Au temps du Raj britannique, la sédition était entendue comme un « soulèvement concerté et préparé contre l’autorité établie » et elle était considérée comme « un crime contre la sûreté de l’État », rappelle le dictionnaire Larousse. En 2016, elle reste passible de la perpétuité en Inde et conduit à la peine capitale dans des pays tels que l’Arabie saoudite, l’Iran, la Malaisie, l’Ouzbékistan, le Soudan ou la Turquie. D'après les défenseurs des droits de l'homme, les nationalistes hindous veulent détourner une loi remontant à l'époque coloniale dans le but de museler toute contestation. Il est vrai que la police s’est montrée pleine de zèle dans cette affaire et que le gouvernement Modi a bien du mal à justifier les poursuites engagées contre Kanhaiya Kumar. La plus grosse bourde a été commise par le ministre de l’intérieur, Rajnath Singh. Celui-ci a prétendu que les étudiants de la JNU étaient soutenus par le Pakistanais Hafiz Saeed, fondateur de Lashkar-e-Taiba. « Voilà la vérité qui doit être portée à la connaissance de la nation », a-t-il déclaré. Sauf que la “vérité” en question reposait sur un tweet de revendication dudit Saeed qui s'est révélé être un faux. Le ministre ne s’est même pas excusé.

Depuis, la seule parade gouvernementale à toute cette agitation a été d'ordonner à toutes les universités de faire flotter le drapeau indien sur leur campus, tandis que Narendra Modi reste silencieux, comme toujours lorsque le pays qu’il dirige est en proie à des tensions politiques ou communautaires. Ses partisans, en revanche, ne se privent pas de jeter de l’huile sur le feu. Pour la chroniqueuse Tavleen Singh, que les militants communistes considèrent parmi les journalistes indiens comme « la plus ardente supportrice » de l’actuel premier ministre, le rendez-vous du 9 février fleurait bon « le djihad » et l’hommage rendu à Afzal Guru n’était qu’une excuse pour lancer un défi « à la sécurité nationale ». L’arrestation de Kanhaiya Kumar a au moins le mérite, dit-elle, de « faire sortir du bois » tous les « gauchistes » qui osent mettre sur le même plan – alors qu’ils n’ont selon elle rien de comparable – l’islamisme radical qui ne rêve que de « la destruction de l’Inde » et l’Hindutva, l’idéologie hindoue dont se réclament le Corps des volontaires nationaux (Rashtriya Swayamsevak Sangh, RSS) et sa vitrine politique, le BJP de Narendra Modi.

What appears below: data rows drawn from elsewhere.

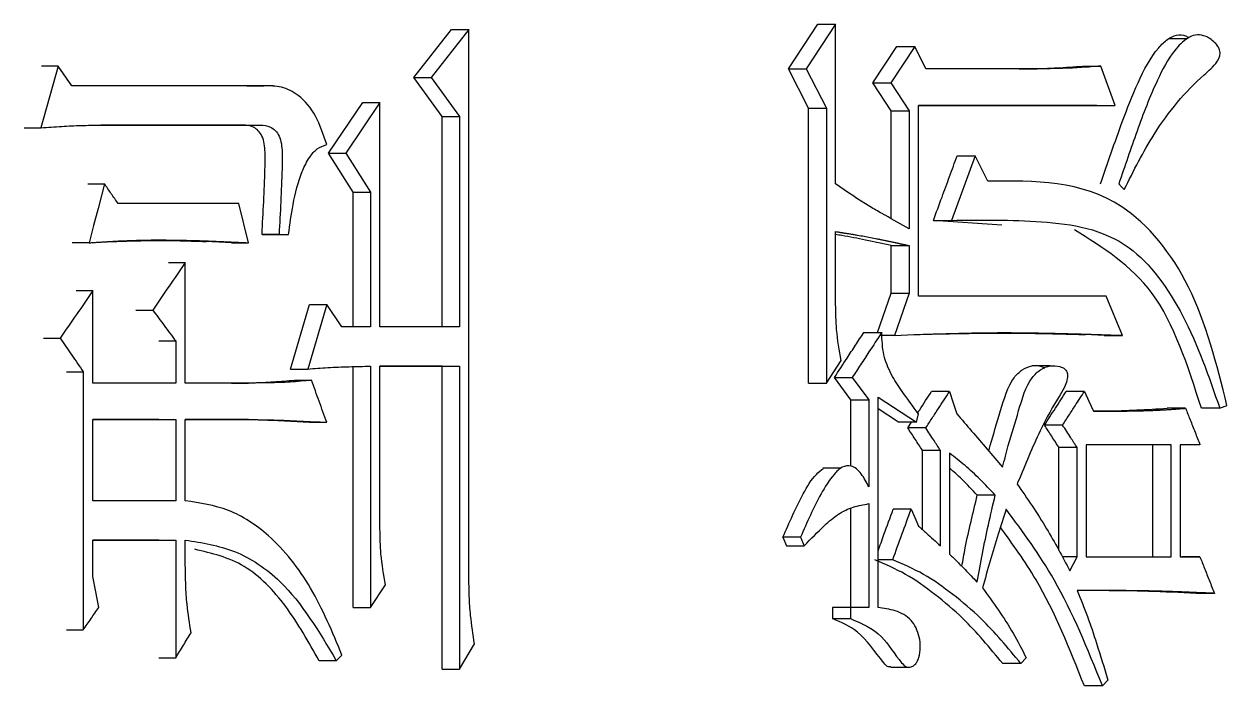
# Model space of a CAD drawing. Header units: millimetres. Extents: x 2271 to 4415, y 823 to 2339.
# Drawn here: x 3172.227 to 3176.867, y 1049.813 to 1052.366 of the extents above; entities that cross this region are included whole.
import ezdxf

# ---------------------------------------------------------------- set-up
doc = ezdxf.new("R2010")
doc.units = ezdxf.units.MM

msp = doc.modelspace()

# ---------------------------------------------------------------- linework, layer by layer
at = {"color": 7, "linetype": 'Continuous', "lineweight": 25}
for p, q in [((3175.1751, 1052.1924), (3175.2888, 1052.3655)), ((3175.3575, 1052.3655), (3175.2436, 1052.1924)), ((3175.2888, 1052.3655), (3175.3575, 1052.3655)), ((3175.3575, 1051.7489), (3175.3575, 1052.3655)), ((3173.7306, 1052.16), (3173.8761, 1052.3439)), ((3173.943, 1052.3439), (3173.7973, 1052.16)), ((3173.8761, 1052.3439), (3173.943, 1052.3439)), ((3173.943, 1050.2345), (3173.943, 1052.3439)), ((3176.7126, 1052.3089), (3176.6412, 1052.3089)), ((3175.5015, 1052.1383), (3175.5934, 1052.279)), ((3175.6625, 1052.279), (3175.5705, 1052.1383)), ((3175.5934, 1052.279), (3175.6625, 1052.279)), ((3175.705, 1052.1924), (3175.6625, 1052.279)), ((3172.3592, 1052.2032), (3172.2921, 1051.9652)), ((3172.3592, 1052.2032), (3172.2944, 1052.2032)), ((3172.4113, 1052.1275), (3172.3592, 1052.2032)), ((3175.1751, 1052.1924), (3175.2436, 1052.1924)), ((3175.2533, 1052.041), (3175.1751, 1052.1924)), ((3175.2436, 1052.1924), (3175.322, 1052.041)), ((3176.1346, 1052.1924), (3175.705, 1052.1924)), ((3176.0649, 1052.1924), (3176.1346, 1052.1924)), ((3176.3096, 1052.2033), (3176.3797, 1052.2033)), ((3176.4355, 1052.0518), (3176.3797, 1052.2033)), ((3173.1522, 1052.1275), (3172.4113, 1052.1275)), ((3173.0863, 1052.1275), (3173.1522, 1052.1275)), ((3173.1876, 1052.127), (3173.1586, 1052.127)), ((3173.7306, 1052.16), (3173.7973, 1052.16)), ((3173.8398, 1052.0085), (3173.7306, 1052.16)), ((3173.7973, 1052.16), (3173.9066, 1052.0085)), ((3175.5015, 1052.1383), (3175.5705, 1052.1383)), ((3175.5722, 1052.0302), (3175.5015, 1052.1383)), ((3175.5705, 1052.1383), (3175.6413, 1052.0302)), ((3173.4019, 1051.8679), (3173.5336, 1052.0626)), ((3173.6, 1052.0626), (3173.4682, 1051.8679)), ((3173.5336, 1052.0626), (3173.6, 1052.0626)), ((3173.6, 1051.1972), (3173.6, 1052.0626)), ((3175.2533, 1052.041), (3175.322, 1052.041)), ((3175.2533, 1050.9809), (3175.2533, 1052.041)), ((3175.5722, 1052.0302), (3175.6413, 1052.0302)), ((3175.5722, 1051.6144), (3175.5722, 1052.0302)), ((3175.6413, 1052.0302), (3175.6413, 1051.5759)), ((3175.6767, 1052.0518), (3176.4355, 1052.0518)), ((3175.6767, 1051.3162), (3175.6767, 1052.0518)), ((3176.3654, 1052.0518), (3175.6767, 1052.0518)), ((3176.3654, 1052.0518), (3176.4355, 1052.0518)), ((3172.523, 1051.9761), (3173.1374, 1051.9761)), ((3173.0716, 1051.9761), (3172.523, 1051.9761)), ((3173.0717, 1051.9761), (3173.1375, 1051.9761)), ((3173.8398, 1052.0085), (3173.9066, 1052.0085)), ((3173.8398, 1051.1972), (3173.8398, 1052.0085)), ((3173.9066, 1052.0085), (3173.9066, 1051.1972)), ((3172.2274, 1051.9652), (3172.2921, 1051.9652)), ((3173.4019, 1051.8679), (3173.4682, 1051.8679)), ((3173.497, 1051.7165), (3173.4019, 1051.8679)), ((3173.4682, 1051.8679), (3173.5634, 1051.7165)), ((3175.8955, 1051.8571), (3175.8039, 1051.6083)), ((3175.8261, 1051.8571), (3175.8955, 1051.8571)), ((3175.9448, 1051.7597), (3175.8955, 1051.8571)), ((3172.4729, 1051.7489), (3172.5379, 1051.7489)), ((3173.497, 1051.7165), (3173.5634, 1051.7165)), ((3173.497, 1051.1972), (3173.497, 1051.7165)), ((3173.5634, 1051.7165), (3173.5634, 1051.1972)), ((3173.0932, 1051.5217), (3173.0563, 1051.6732)), ((3175.9988, 1051.5903), (3175.7346, 1051.6083)), ((3175.7346, 1051.6083), (3175.8039, 1051.6083)), ((3175.3575, 1051.2838), (3175.3575, 1051.565)), ((3172.4784, 1051.5217), (3172.4134, 1051.5217)), ((3173.0274, 1051.5217), (3172.9279, 1051.5267)), ((3173.0274, 1051.5217), (3173.0932, 1051.5217)), ((3173.2111, 1051.5542), (3173.1451, 1051.5542)), ((3173.1819, 1051.5542), (3173.2479, 1051.5542)), ((3173.2111, 1051.5542), (3173.2479, 1051.5542)), ((3175.5722, 1051.5109), (3175.6413, 1051.5109)), ((3175.5722, 1051.3271), (3175.5722, 1051.5109)), ((3175.6413, 1051.5109), (3175.6413, 1051.3271)), ((3172.784, 1051.446), (3172.8494, 1051.446)), ((3172.8494, 1050.9809), (3172.8494, 1051.446)), ((3172.4283, 1051.3378), (3172.4932, 1051.3378)), ((3172.4932, 1050.9809), (3172.4932, 1051.3378)), ((3175.5194, 1051.1756), (3175.5722, 1051.3271)), ((3175.5722, 1051.3271), (3175.6413, 1051.3271)), ((3175.6413, 1051.3271), (3175.5847, 1051.1648)), ((3173.2553, 1051.035), (3173.3286, 1051.2838)), ((3173.3948, 1051.2838), (3173.3214, 1051.035)), ((3173.3286, 1051.2838), (3173.3948, 1051.2838)), ((3173.4535, 1051.1972), (3173.3948, 1051.2838)), ((3176.4006, 1051.3162), (3175.6767, 1051.3162)), ((3176.4635, 1051.1648), (3176.4006, 1051.3162)), ((3172.6582, 1051.2621), (3172.7235, 1051.2621)), ((3173.5634, 1051.1972), (3173.4535, 1051.1972)), ((3173.9066, 1051.1972), (3173.6, 1051.1972)), ((3172.3019, 1051.154), (3172.3666, 1051.154)), ((3172.747, 1051.1431), (3172.8124, 1051.1431)), ((3172.8124, 1051.1431), (3172.8124, 1050.9809)), ((3175.4661, 1051.1756), (3175.5351, 1051.1756)), ((3175.5847, 1051.1648), (3175.528, 1051.1648)), ((3176.3933, 1051.1648), (3176.3205, 1051.1676)), ((3176.3933, 1051.1648), (3176.4635, 1051.1648)), ((3175.322, 1050.9809), (3175.3789, 1051.0674)), ((3172.3911, 1051.0241), (3172.456, 1051.0241)), ((3173.2553, 1051.035), (3173.3214, 1051.035)), ((3173.497, 1050.1155), (3173.497, 1051.0444)), ((3173.5634, 1051.0458), (3173.5634, 1050.1155)), ((3173.6, 1051.0458), (3173.9066, 1051.0458)), ((3173.6, 1050.4184), (3173.6, 1051.0458)), ((3173.8398, 1051.0458), (3173.6, 1051.0458)), ((3173.8398, 1051.0458), (3173.9066, 1051.0458)), ((3173.8398, 1049.8775), (3173.8398, 1051.0458)), ((3173.9066, 1051.0458), (3173.9066, 1049.8775)), ((3175.3527, 1051.0025), (3175.4215, 1051.0025)), ((3175.4165, 1050.916), (3175.3527, 1051.0025)), ((3175.4215, 1051.0025), (3175.4854, 1050.916)), ((3176.1854, 1051.047), (3176.1148, 1051.047)), ((3172.8124, 1050.9809), (3172.4932, 1050.9809)), ((3173.0932, 1050.9809), (3172.8494, 1050.9809)), ((3173.0274, 1050.9809), (3173.0932, 1050.9809)), ((3173.27, 1050.9917), (3173.3361, 1050.9917)), ((3175.2533, 1050.9809), (3175.322, 1050.9809)), ((3175.4165, 1050.916), (3175.4854, 1050.916)), ((3175.4165, 1050.6608), (3175.4165, 1050.916)), ((3175.4854, 1050.916), (3175.4854, 1050.5806)), ((3175.5209, 1050.9268), (3175.6696, 1050.8295)), ((3175.7968, 1050.9484), (3175.7275, 1050.9484)), ((3176.3168, 1050.9485), (3176.2468, 1050.9485)), ((3175.6005, 1050.8295), (3175.5209, 1050.8816)), ((3175.6696, 1050.8295), (3175.6767, 1050.8619)), ((3176.7071, 1050.8836), (3176.6366, 1050.8836)), ((3172.4932, 1050.5265), (3172.4932, 1050.8403)), ((3172.4932, 1050.8403), (3172.8124, 1050.8403)), ((3172.747, 1050.8403), (3172.4932, 1050.8403)), ((3172.747, 1050.8403), (3172.8124, 1050.8403)), ((3172.8124, 1050.8403), (3172.8124, 1050.5266)), ((3172.8494, 1050.8403), (3173.0932, 1050.8403)), ((3172.8494, 1050.5265), (3172.8494, 1050.8403)), ((3173.0274, 1050.8403), (3172.8494, 1050.8403)), ((3173.0932, 1050.8403), (3173.0274, 1050.8403)), ((3173.3286, 1050.8294), (3173.3948, 1050.8294)), ((3175.6696, 1050.8295), (3175.6005, 1050.8295)), ((3175.6358, 1050.8078), (3175.6499, 1050.8295)), ((3176.2328, 1050.8186), (3176.1629, 1050.8186)), ((3175.705, 1050.8078), (3175.6358, 1050.8078)), ((3176.2888, 1050.7321), (3176.2188, 1050.7321)), ((3176.2188, 1050.335), (3176.2188, 1050.7321)), ((3176.2888, 1050.3102), (3176.2888, 1050.7321)), ((3176.6515, 1050.7429), (3176.3238, 1050.7429)), ((3176.3238, 1050.7429), (3176.3238, 1050.3102)), ((3176.5811, 1050.3102), (3176.5811, 1050.7429)), ((3176.6515, 1050.3102), (3176.6515, 1050.7429)), ((3176.7626, 1050.7429), (3176.6862, 1050.7429)), ((3176.6862, 1050.7429), (3176.6862, 1050.3102)), ((3175.7615, 1050.7213), (3175.6923, 1050.7213)), ((3175.6923, 1050.4153), (3175.6923, 1050.7213)), ((3175.7615, 1050.3535), (3175.7615, 1050.7213)), ((3175.7968, 1050.7105), (3175.7968, 1050.321)), ((3175.3771, 1050.6524), (3175.3084, 1050.6524)), ((3175.973, 1050.5482), (3175.9035, 1050.5482)), ((3172.8124, 1050.5266), (3172.4932, 1050.5265)), ((3175.4165, 1050.1155), (3175.4165, 1050.498)), ((3175.4854, 1050.5157), (3175.4854, 1050.1155)), ((3175.6484, 1050.4941), (3175.5793, 1050.4941)), ((3172.4932, 1050.3751), (3172.8124, 1050.3751)), ((3172.4932, 1050.2345), (3172.4932, 1050.3751)), ((3172.747, 1050.3751), (3172.4932, 1050.3751)), ((3172.747, 1050.3751), (3172.8124, 1050.3751)), ((3172.8124, 1050.3751), (3172.8124, 1049.9208)), ((3172.8494, 1050.2778), (3172.8494, 1050.3751)), ((3175.2223, 1050.3859), (3175.1537, 1050.3859)), ((3175.1537, 1050.3859), (3175.1679, 1050.3535)), ((3175.1679, 1050.3535), (3175.2365, 1050.3535)), ((3175.2223, 1050.3859), (3175.2365, 1050.3535)), ((3176.2888, 1050.3102), (3176.232, 1050.3102)), ((3176.3238, 1050.3102), (3176.6515, 1050.3102)), ((3176.3238, 1050.3102), (3176.5811, 1050.3102)), ((3176.5811, 1050.3102), (3176.6515, 1050.3102)), ((3176.6862, 1050.3102), (3176.7626, 1050.3102)), ((3176.6862, 1050.3102), (3176.692, 1050.3102)), ((3176.7626, 1050.3102), (3176.692, 1050.3102)), ((3173.5634, 1050.1155), (3173.622, 1050.202)), ((3176.8181, 1050.1696), (3176.7475, 1050.1696)), ((3175.4144, 1050.1155), (3175.3456, 1050.1155)), ((3175.3456, 1050.1155), (3175.3456, 1050.0722)), ((3175.4144, 1050.1155), (3175.4144, 1050.0722)), ((3175.4854, 1050.1155), (3175.4144, 1050.1155)), ((3175.3456, 1050.0722), (3175.4144, 1050.0722)), ((3173.9066, 1049.8775), (3173.9648, 1049.9749)), ((3172.747, 1049.9208), (3172.8124, 1049.9208)), ((3173.4315, 1049.91), (3173.3653, 1049.91)), ((3173.4315, 1049.91), (3173.4535, 1049.9316)), ((3176.0714, 1049.8992), (3176.0925, 1049.9208)), ((3175.5702, 1049.8845), (3175.6398, 1049.8845)), ((3176.3866, 1049.8126), (3176.3166, 1049.8126)), ((3176.3866, 1049.8126), (3176.4076, 1049.8343))]:
    msp.add_line(p, q, dxfattribs=at)
at = {"color": 7, "linetype": 'Continuous', "lineweight": 25, "flags": 128}
for points in [[(3175.322, 1052.041), (3175.322, 1051.6206), (3175.322, 1050.9809)], [(3172.5379, 1051.7489), (3172.5131, 1051.6544), (3172.4957, 1051.5881), (3172.4784, 1051.5217)], [(3176.4495, 1051.7489), (3176.46, 1051.7381), (3176.4705, 1051.7273)], [(3172.456, 1051.0241), (3172.456, 1050.5265), (3172.456, 1050.029)], [(3175.5209, 1050.1155), (3175.5209, 1050.5212), (3175.5209, 1050.9268)], [(3175.7968, 1050.9484), (3175.8109, 1050.9052), (3175.825, 1050.8619)], [(3176.3168, 1050.9485), (3176.3342, 1050.9106), (3176.3517, 1050.8727)], [(3176.8389, 1050.8836), (3176.8102, 1050.8836), (3176.7892, 1050.8836), (3176.7682, 1050.8836)], [(3175.6484, 1050.4941), (3175.6625, 1050.4617), (3175.6767, 1050.4292)], [(3176.2608, 1050.2561), (3176.2748, 1050.2832), (3176.2888, 1050.3102)], [(3175.5776, 1050.2994), (3175.5602, 1050.2994), (3175.5427, 1050.2994), (3175.5209, 1050.2994)], [(3172.5156, 1050.1155), (3172.5044, 1050.175), (3172.4932, 1050.2345)], [(3173.497, 1050.1155), (3173.5136, 1050.1155), (3173.5302, 1050.1155), (3173.5634, 1050.1155)], [(3172.3911, 1050.029), (3172.4073, 1050.029), (3172.4235, 1050.029), (3172.456, 1050.029)], [(3176.0714, 1049.8992), (3176.046, 1049.8992), (3176.0239, 1049.8992), (3176.0018, 1049.8992)], [(3173.8398, 1049.8775), (3173.8565, 1049.8775), (3173.8732, 1049.8775), (3173.9066, 1049.8775)]]:
    msp.add_lwpolyline(points, dxfattribs=at)
at = {"color": 7, "linetype": 'Continuous', "lineweight": 25}
for points, knots in [([(3176.3794, 1051.7489), (3176.4066, 1051.8293), (3176.4515, 1051.9619), (3176.5217, 1052.141), (3176.5799, 1052.2528), (3176.6358, 1052.3075), (3176.6716, 1052.3252), (3176.7009, 1052.3252), (3176.7157, 1052.3153), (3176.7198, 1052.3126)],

« Nous n’avons pas besoin que le RSS nous délivre un certificat de patriotisme », explique Kanhaiya Kumar dans un texte qui a été diffusé au lendemain de son interpellation. « Nous appartenons à ce pays et nous aimons cette terre (...), nous ne tolérerons pas que quiconque s’en prenne à la Constitution, extrémistes hindous ou autres. » Celui par qui la révolte étudiante a éclaté ajoute que le Conseil de tous les étudiants de l’Inde (Akhil Bharatiya Vidyarthi Parishad, ABVP), syndicat étudiant de droite rattaché au RSS, orchestre « une campagne honteuse et affligeante ». « Je le mets au défi de venir débattre avec nous des questions fondamentales qui se posent à l’Inde », écrit Kanhaiya Kumar. Les militants du RSS, poursuit-il, ont aidé en leur temps les Britanniques « à combattre les partisans de l’Indépendance », ils ont « un problème » avec ceux qui défendent les valeurs démocratiques. « Qui était Afzal Guru ? Qui sont ces gens qui en arrivent à un point tel qu’ils souhaitent se faire exploser dans des attentats ? Si ces questions ne sont pas soulevées à l’université, alors l’université ne sert à rien », termine Kanhaiya Kumar, en précisant à toutes fins utiles que son syndicat est « contre la violence et contre le terrorisme ».